## Imports

In [1]:
import findspark
findspark.init()

import pyspark
from pyspark.sql import SparkSession

spark = SparkSession.builder.appName("Final Project").getOrCreate()
print(spark)

import random
import concurrent.futures
import time
from pyspark.sql.functions import col, when
from pyspark.sql.functions import min as spark_min, max as spark_max

<pyspark.sql.session.SparkSession object at 0x7f8fe0930780>


In [1]:
!python --version
!pyspark --version

Python 2.7.17


## Data loading

In [2]:
df = spark.read.csv("hdfs://localhost:9000/user/input/data.csv", header=True, inferSchema=True)
rdd = df.rdd
df = df.drop('Timestamp')
df.show(3)

+--------------+----------+------+
|        UserId| ProductId|Rating|
+--------------+----------+------+
|A39HTATAQ9V7YF|0205616461|   5.0|
|A3JM6GV9MNOF9X|0558925278|   3.0|
|A1Z513UWSAAO0F|0558925278|   5.0|
+--------------+----------+------+
only showing top 3 rows



## Project needs to read dataset categorize it. 

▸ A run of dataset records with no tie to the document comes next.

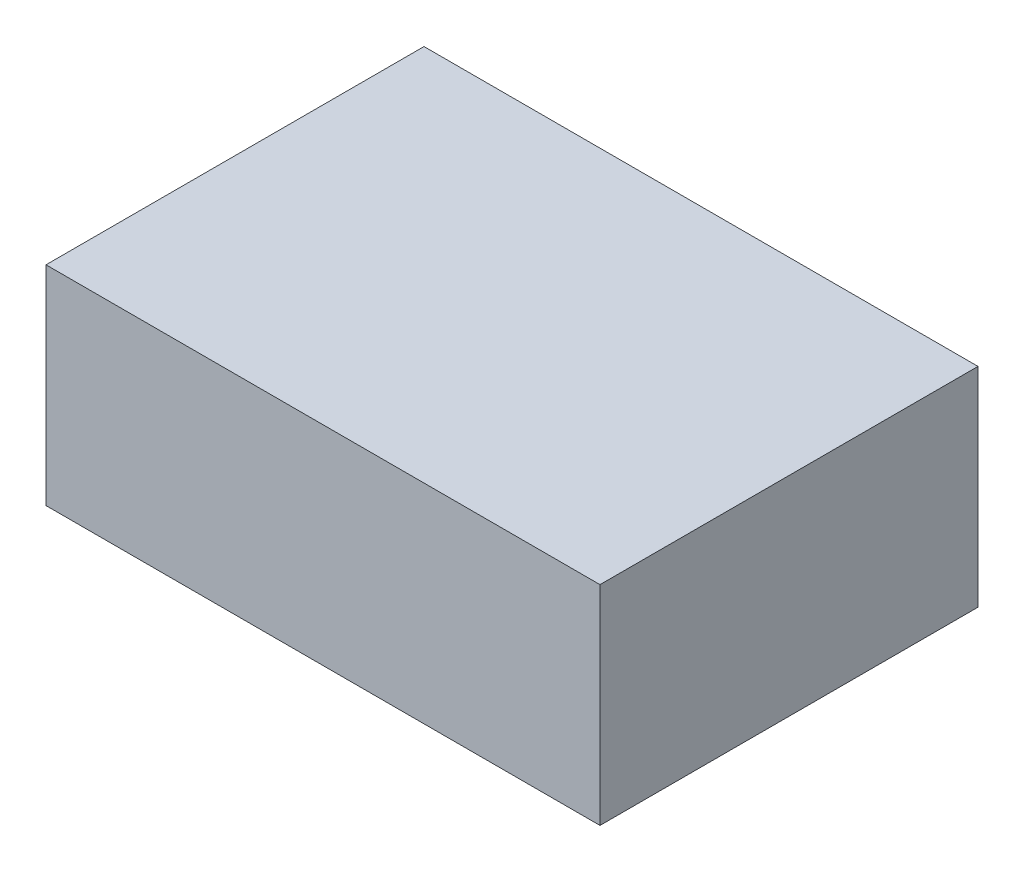
from build123d import *

# Parameters (mm, degrees)
SKETCH_1_W      = 85
SKETCH_1_H      = 58
EXTRUDE_1_DEPTH = 32


with BuildPart() as part:
    # 草图1 → 凸台-拉伸1 (new body)
    with BuildSketch(Plane(origin=(0, 0, 0), x_dir=(1, 0, 0), z_dir=(0, 1, 0))):
        with Locations((42.5, 29)):
            Rectangle(SKETCH_1_W, SKETCH_1_H)
    extrude(amount=EXTRUDE_1_DEPTH)


solid = part.part

### Average Rating per Product

In [12]:
# Return all Product Ratings for each User, you have three columns (UserId, ProductId, Rating)
df.groupBy("ProductId").avg("Rating").withColumnRenamed("avg(Rating)", "AverageRating").show(3)

+----------+-------------+
| ProductId|AverageRating|
+----------+-------------+
|9790773587|          5.0|
|9790794207|          5.0|
|B00004VBMM|          5.0|
+----------+-------------+
only showing top 3 rows



In [7]:
def get_avg_rating(df):
    return df.groupBy("ProductId").avg("Rating").withColumnRenamed("avg(Rating)", "AverageRating")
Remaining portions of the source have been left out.